▶ **DIRECTIONS**: Give the number of lines in the records below that hold "Ectopic"; nothing else is needed.

▶ **SUPPLIED RECORDS**:
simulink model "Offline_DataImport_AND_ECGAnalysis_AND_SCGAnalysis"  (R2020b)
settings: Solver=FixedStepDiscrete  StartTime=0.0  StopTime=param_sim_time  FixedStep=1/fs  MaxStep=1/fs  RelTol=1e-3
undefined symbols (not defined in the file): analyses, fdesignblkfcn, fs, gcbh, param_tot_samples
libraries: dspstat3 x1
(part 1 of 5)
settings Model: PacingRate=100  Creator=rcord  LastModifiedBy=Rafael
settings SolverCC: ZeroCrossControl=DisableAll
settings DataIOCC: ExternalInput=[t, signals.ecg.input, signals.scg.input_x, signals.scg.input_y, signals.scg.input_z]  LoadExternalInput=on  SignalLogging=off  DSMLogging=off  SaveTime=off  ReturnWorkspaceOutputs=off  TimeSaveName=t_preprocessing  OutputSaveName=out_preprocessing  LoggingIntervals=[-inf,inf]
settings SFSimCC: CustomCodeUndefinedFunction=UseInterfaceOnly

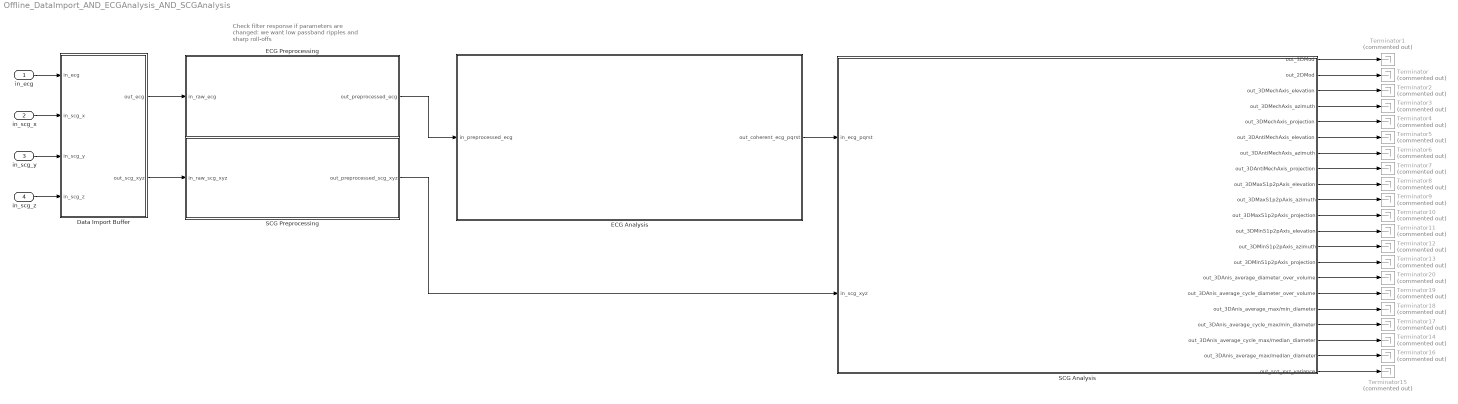
== system Offline_DataImport_AND_ECGAnalysis_AND_SCGAnalysis ==
  note: Check filter response if parameters are changed:
      | we want low passband ripples and sharp roll-offs
  in_ecg : Inport  SampleTime=1/fs
  in_scg_x : Inport  Port=2  SampleTime=1/fs
  in_scg_y : Inport  Port=3  SampleTime=1/fs
  in_scg_z : Inport  Port=4  SampleTime=1/fs
  Data Import Buffer : Subsystem
  ECG Analysis : Subsystem
      mask Display: image('C:\Users\Rafael\Dropbox\Post-Doc Research\ECG Analysis.jpg.png'); % Use "Edit Image" on toolstrip to change.
  ECG Preprocessing : Subsystem  mask{param_ecg_gain_mv=1000, param_ecg_fc_lo=2.05, param_ecg_fc_hi=36, param_ecg_trans_bw=2}
      mask prompts: param_ecg_gain_mv "mV Conversion Gain"; param_ecg_fc_lo "Low Passband Frequency Corner (Hz)"; param_ecg_fc_hi "High Passband Frequency Corner (Hz)"; param_ecg_trans_bw "Transition Bandwidth (Hz)"
      mask init:
      | assignin('base','param_ecg_gain_mv',param_ecg_gain_mv)
      | assignin('base','param_ecg_fc_lo',param_ecg_fc_lo)
      | assignin('base','param_ecg_fc_hi',param_ecg_fc_hi)
      | assignin('base','param_ecg_trans_bw',param_ecg_trans_bw)
      mask DialogControl DescGroupVar Prompt: ECG Preprocessing
      mask DialogControl DescTextVar Prompt: Preprocessing stage of the ECG. This involves conversion from V to mV and a filtfilt operation (i.e. a zero-phase FIR filtering) specified by the passband cornerns and transition bandwidth.
      mask Display: image('PreprocessingSymbol.jpg');
  SCG Analysis : Subsystem
      mask Display: image('C:\Users\Rafael\Dropbox\Post-Doc Research\SCG Analysis.png'); % Use "Edit Image" on toolstrip to change.
  SCG Preprocessing : Subsystem  mask{param_scg_gain_mg=3333, param_scg_fc_lo=7.5, param_scg_fc_hi=40, param_scg_trans_bw=2.5}
      mask prompts: param_scg_gain_mg "V to mg Conversion Gain"; param_scg_fc_lo "Low Passband Frequency Corner (Hz)"; param_scg_fc_hi "High Passband Frequency Corner (Hz)"; param_scg_trans_bw "Transition bandwidth"
      mask init:
      | assignin('base','param_scg_gain_mg',param_scg_gain_mg)
      | assignin('base','param_scg_fc_lo',param_scg_fc_lo)
      | assignin('base','param_scg_fc_hi',param_scg_fc_hi)
      | assignin('base','param_scg_trans_bw',param_scg_trans_bw)
      mask DialogControl DescGroupVar Prompt: SCG Preprocessing
      mask DialogControl DescTextVar Prompt: The SCG (x, y, and z) preprocessing block. This involves a V to mg conversion (determined by the transducer sensitivity) and a filtfilt operation. This filtfilt operation consists of a zero-phase FIR front-back filtering that is identical for each of the three cartesian acceleration components and is specified by the passband frequency corners and the transition bandwidth.
      mask Display: image('PreprocessingSymbol.jpg');
  Terminator{,1..20} (21 alike) : Terminator  Commented=on
  wires:
  in_ecg/1 -> Data Import Buffer/1(in_ecg)
  in_scg_x/1 -> Data Import Buffer/2(in_scg_x)
  in_scg_y/1 -> Data Import Buffer/3(in_scg_y)
  in_scg_z/1 -> Data Import Buffer/4(in_scg_z)
  Data Import Buffer/2(out_scg_xyz) -> SCG Preprocessing/1(in_raw_scg_xyz)
  Data Import Buffer/1(out_ecg) -> ECG Preprocessing/1(in_raw_ecg)
  ECG Preprocessing/1(out_preprocessed_ecg) -> ECG Analysis/1(in_preprocessed_ecg)
  SCG Preprocessing/1(out_preprocessed_scg_xyz) -> SCG Analysis/2(in_scg_xyz)
  ECG Analysis/1(out_coherent_ecg_pqrst) -> SCG Analysis/1(in_ecg_pqrst)
  SCG Analysis/1(out_3DMod) -> Terminator1/1
  SCG Analysis/2(out_2DMod) -> Terminator/1
  SCG Analysis/3(out_3DMechAxis_elevation) -> Terminator2/1
  SCG Analysis/4(out_3DMechAxis_azimuth) -> Terminator3/1
  SCG Analysis/5(out_3DMechAxis_projection) -> Terminator4/1
  SCG Analysis/6(out_3DAntiMechAxis_elevation) -> Terminator5/1
  SCG Analysis/7(out_3DAntiMechAxis_azimuth) -> Terminator6/1
  SCG Analysis/8(out_3DAntiMechAxis_projection) -> Terminator7/1
  SCG Analysis/9(out_3DMaxS1p2pAxis_elevation) -> Terminator8/1
  SCG Analysis/10(out_3DMaxS1p2pAxis_azimuth) -> Terminator9/1
  SCG Analysis/11(out_3DMaxS1p2pAxis_projection) -> Terminator10/1
  SCG Analysis/12(out_3DMinS1p2pAxis_elevation) -> Terminator11/1
  SCG Analysis/13(out_3DMinS1p2pAxis_azimuth) -> Terminator12/1
  SCG Analysis/14(out_3DMinS1p2pAxis_projection) -> Terminator13/1
  SCG Analysis/19(out_3DAnis_average_cycle_max/median_diameter) -> Terminator14/1
  SCG Analysis/21(out_scg_xyz_variance) -> Terminator15/1
  SCG Analysis/20(out_3DAnis_average_max/median_diameter) -> Terminator16/1
  SCG Analysis/18(out_3DAnis_average_cycle_max/min_diameter) -> Terminator17/1
  SCG Analysis/17(out_3DAnis_average_max/min_diameter) -> Terminator18/1
  SCG Analysis/16(out_3DAnis_average_cycle_diameter_over_volume) -> Terminator19/1
  SCG Analysis/15(out_3DAnis_average_diameter_over_volume) -> Terminator20/1

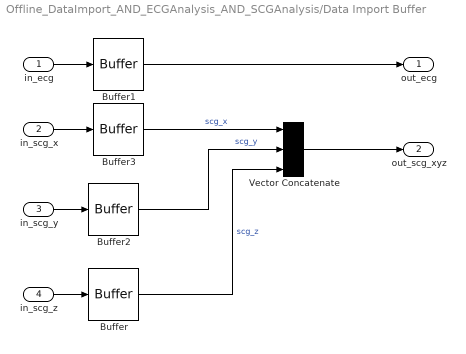
== system Offline_DataImport_AND_ECGAnalysis_AND_SCGAnalysis/Data Import Buffer ==
  in_ecg : Inport
  in_scg_x : Inport  Port=2
  in_scg_y : Inport  Port=3
  in_scg_z : Inport  Port=4
  Buffer{,1..3} (4 alike) : Buffer  N=param_tot_samples  OutputFrames=off
  Vector Concatenate : Concatenate  NumInputs=3  Mode=Multidimensional array  ConcatenateDimension=2
  out_ecg : Outport  VectorParamsAs1DForOutWhenUnconnected=off
  out_scg_xyz : Outport  Port=2  VectorParamsAs1DForOutWhenUnconnected=off
  wires:
  in_ecg/1 -> Buffer1/1
  Buffer/1 -> Vector Concatenate/3  "scg_z"
  Buffer3/1 -> Vector Concatenate/1  "scg_x"
  in_scg_x/1 -> Buffer3/1
  Vector Concatenate/1 -> out_scg_xyz/1
  Buffer1/1 -> out_ecg/1
  Buffer2/1 -> Vector Concatenate/2  "scg_y"
  in_scg_z/1 -> Buffer/1
  in_scg_y/1 -> Buffer2/1

== system Offline_DataImport_AND_ECGAnalysis_AND_SCGAnalysis/ECG Analysis ==
  in_preprocessed_ecg : Inport
  Enabled ECG Analysis Subsystem : Subsystem  TreatAsAtomicUnit=on
  out_coherent_ecg_pqrst : Outport
  wires:
  in_preprocessed_ecg/1 -> Enabled ECG Analysis Subsystem/Enable
  Enabled ECG Analysis Subsystem/1(coherent_ecg_pqrst) -> out_coherent_ecg_pqrst/1

== system Offline_DataImport_AND_ECGAnalysis_AND_SCGAnalysis/ECG Preprocessing ==
  in_raw_ecg : Inport
  Enabled ECG Preprocessing Subsystem : Subsystem  TreatAsAtomicUnit=on
  out_preprocessed_ecg : Outport  VectorParamsAs1DForOutWhenUnconnected=off
  wires:
  Enabled ECG Preprocessing Subsystem/1(Output) -> out_preprocessed_ecg/1
  in_raw_ecg/1 -> Enabled ECG Preprocessing Subsystem/Enable

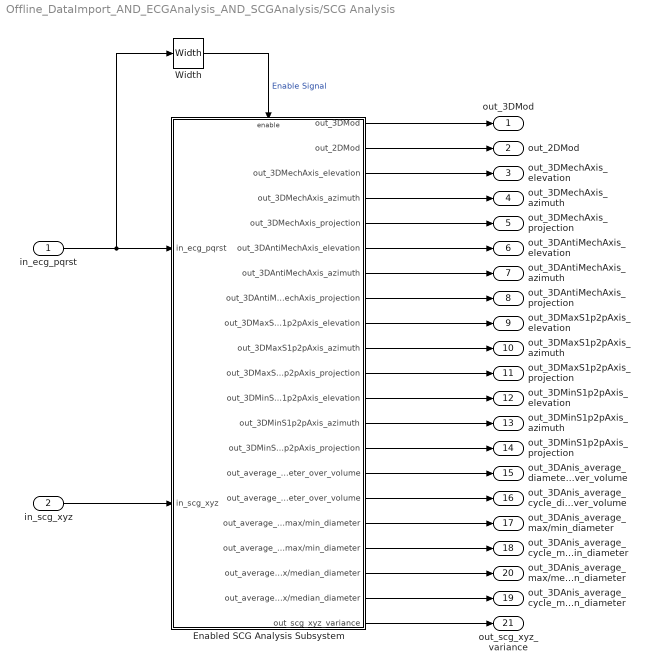
== system Offline_DataImport_AND_ECGAnalysis_AND_SCGAnalysis/SCG Analysis ==
  in_ecg_pqrst : Inport
  in_scg_xyz : Inport  Port=2
  Enabled SCG Analysis Subsystem : Subsystem  TreatAsAtomicUnit=on
  "Width " : Width
  out_3DMod : Outport  VectorParamsAs1DForOutWhenUnconnected=off
  out_2DMod : Outport  Port=2  VectorParamsAs1DForOutWhenUnconnected=off
  out_3DMechAxis_elevation : Outport  Port=3  VectorParamsAs1DForOutWhenUnconnected=off
  out_3DMechAxis_azimuth : Outport  Port=4  VectorParamsAs1DForOutWhenUnconnected=off
  out_3DMechAxis_projection : Outport  Port=5  VectorParamsAs1DForOutWhenUnconnected=off
  out_3DAntiMechAxis_elevation : Outport  Port=6  VectorParamsAs1DForOutWhenUnconnected=off
  out_3DAntiMechAxis_azimuth : Outport  Port=7  VectorParamsAs1DForOutWhenUnconnected=off
  out_3DAntiMechAxis_projection : Outport  Port=8  VectorParamsAs1DForOutWhenUnconnected=off
  out_3DMaxS1p2pAxis_elevation : Outport  Port=9  VectorParamsAs1DForOutWhenUnconnected=off
  out_3DMaxS1p2pAxis_azimuth : Outport  Port=10  VectorParamsAs1DForOutWhenUnconnected=off
  out_3DMaxS1p2pAxis_projection : Outport  Port=11  VectorParamsAs1DForOutWhenUnconnected=off
  out_3DMinS1p2pAxis_elevation : Outport  Port=12  VectorParamsAs1DForOutWhenUnconnected=off
  out_3DMinS1p2pAxis_azimuth : Outport  Port=13  VectorParamsAs1DForOutWhenUnconnected=off
  out_3DMinS1p2pAxis_projection : Outport  Port=14  VectorParamsAs1DForOutWhenUnconnected=off
  out_3DAnis_average_diameter_over_volume : Outport  Port=15  VectorParamsAs1DForOutWhenUnconnected=off
  out_3DAnis_average_cycle_diameter_over_volume : Outport  Port=16  VectorParamsAs1DForOutWhenUnconnected=off
  out_3DAnis_average_max/min_diameter : Outport  Port=17  VectorParamsAs1DForOutWhenUnconnected=off
  out_3DAnis_average_cycle_max/min_diameter : Outport  Port=18  VectorParamsAs1DForOutWhenUnconnected=off
  out_3DAnis_average_cycle_max/median_diameter : Outport  Port=19  VectorParamsAs1DForOutWhenUnconnected=off
  out_3DAnis_average_max/median_diameter : Outport  Port=20  VectorParamsAs1DForOutWhenUnconnected=off
  out_scg_xyz_variance : Outport  Port=21  VectorParamsAs1DForOutWhenUnconnected=off
  wires:
  Enabled SCG Analysis Subsystem/1(out_3DMod) -> out_3DMod/1
  Enabled SCG Analysis Subsystem/2(out_2DMod) -> out_2DMod/1
  in_scg_xyz/1 -> Enabled SCG Analysis Subsystem/2(in_scg_xyz)
  in_ecg_pqrst/1 -> "Width "/1, Enabled SCG Analysis Subsystem/1(in_ecg_pqrst)
  "Width "/1 -> Enabled SCG Analysis Subsystem/Enable  "Enable Signal"
  Enabled SCG Analysis Subsystem/3(out_3DMechAxis_elevation) -> out_3DMechAxis_elevation/1
  Enabled SCG Analysis Subsystem/4(out_3DMechAxis_azimuth) -> out_3DMechAxis_azimuth/1
  Enabled SCG Analysis Subsystem/14(out_3DMinS1p2pAxis_projection) -> out_3DMinS1p2pAxis_projection/1
  Enabled SCG Analysis Subsystem/13(out_3DMinS1p2pAxis_azimuth) -> out_3DMinS1p2pAxis_azimuth/1
  Enabled SCG Analysis Subsystem/12(out_3DMinS1p2pAxis_elevation) -> out_3DMinS1p2pAxis_elevation/1
  Enabled SCG Analysis Subsystem/11(out_3DMaxS1p2pAxis_projection) -> out_3DMaxS1p2pAxis_projection/1
  Enabled SCG Analysis Subsystem/10(out_3DMaxS1p2pAxis_azimuth) -> out_3DMaxS1p2pAxis_azimuth/1
  Enabled SCG Analysis Subsystem/9(out_3DMaxS1p2pAxis_elevation) -> out_3DMaxS1p2pAxis_elevation/1
  Enabled SCG Analysis Subsystem/8(out_3DAntiMechAxis_projection) -> out_3DAntiMechAxis_projection/1
  Enabled SCG Analysis Subsystem/7(out_3DAntiMechAxis_azimuth) -> out_3DAntiMechAxis_azimuth/1
  Enabled SCG Analysis Subsystem/6(out_3DAntiMechAxis_elevation) -> out_3DAntiMechAxis_elevation/1
  Enabled SCG Analysis Subsystem/5(out_3DMechAxis_projection) -> out_3DMechAxis_projection/1
  Enabled SCG Analysis Subsystem/20(out_average_cycle_cycle_max/median_diameter) -> out_3DAnis_average_cycle_max/median_diameter/1
  Enabled SCG Analysis Subsystem/15(out_average_diameter_over_volume) -> out_3DAnis_average_diameter_over_volume/1
  Enabled SCG Analysis Subsystem/21(out_scg_xyz_variance) -> out_scg_xyz_variance/1
  Enabled SCG Analysis Subsystem/16(out_average_cycle_diameter_over_volume) -> out_3DAnis_average_cycle_diameter_over_volume/1
  Enabled SCG Analysis Subsystem/17(out_average_max/min_diameter) -> out_3DAnis_average_max/min_diameter/1
  Enabled SCG Analysis Subsystem/18(out_average_cycle_max/min_diameter) -> out_3DAnis_average_cycle_max/min_diameter/1
  Enabled SCG Analysis Subsystem/19(out_average_max/median_diameter) -> out_3DAnis_average_max/median_diameter/1

== system Offline_DataImport_AND_ECGAnalysis_AND_SCGAnalysis/SCG Preprocessing ==
  in_raw_scg_xyz : Inport
  Enabled SCG Preprocessing Subsystem : Subsystem  TreatAsAtomicUnit=on
  out_preprocessed_scg_xyz : Outport  VectorParamsAs1DForOutWhenUnconnected=off
  wires:
  Enabled SCG Preprocessing Subsystem/1(out_preprocessed_scg_xyz) -> out_preprocessed_scg_xyz/1
  in_raw_scg_xyz/1 -> Enabled SCG Preprocessing Subsystem/Enable

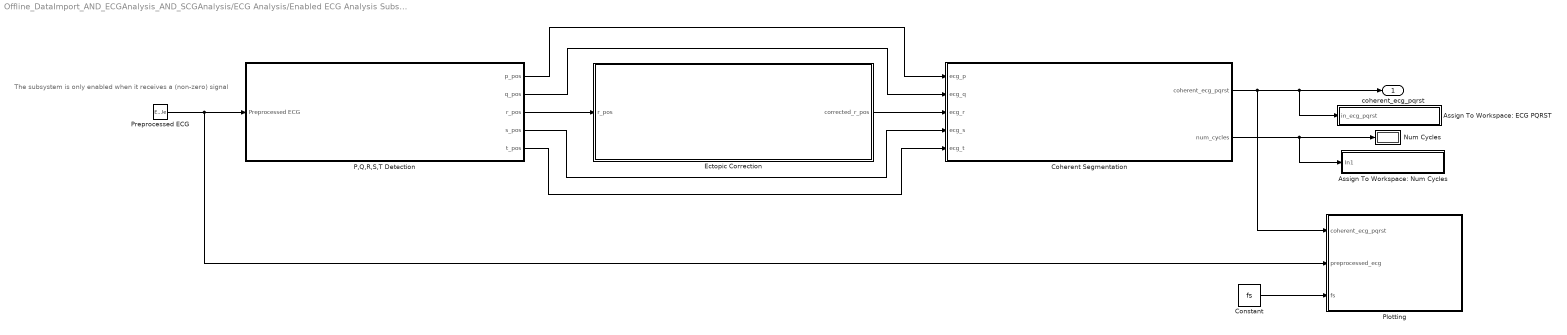
== system Offline_DataImport_AND_ECGAnalysis_AND_SCGAnalysis/ECG Analysis/Enabled ECG Analysis Subsystem ==
  note: The subsystem is only enabled when it receives a (non-zero) signal
  Preprocessed ECG : EnablePort  PropagateVarSize=During execution  ShowOutputPort=on
  Assign To Workspace: ECG PQRST : Subsystem
      mask Display: disp('Assign: out_ecg_pqrst')
  Assign To Workspace: Num Cycles : Subsystem
      mask Display: disp('Assign: out_ecg_num_cycles')
  Coherent Segmentation : Subsystem
      mask Display: image('C:\Users\Rafael\Dropbox\Post-Doc Research\Coherent ECG.jpg'); % Use "Edit Image" on toolstrip to change.
  Constant : Constant  Value=fs
  Ectopic Correction : Subsystem  mask{max_hr=200, max_rr_dev=40}
      mask prompts: max_hr "Maximum Heart Rate (in bpm)"; max_rr_dev "Maximum RR Deviation (in bpm)"
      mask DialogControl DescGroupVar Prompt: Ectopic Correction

▶ **REPLY TO THE EXERCISE**: 2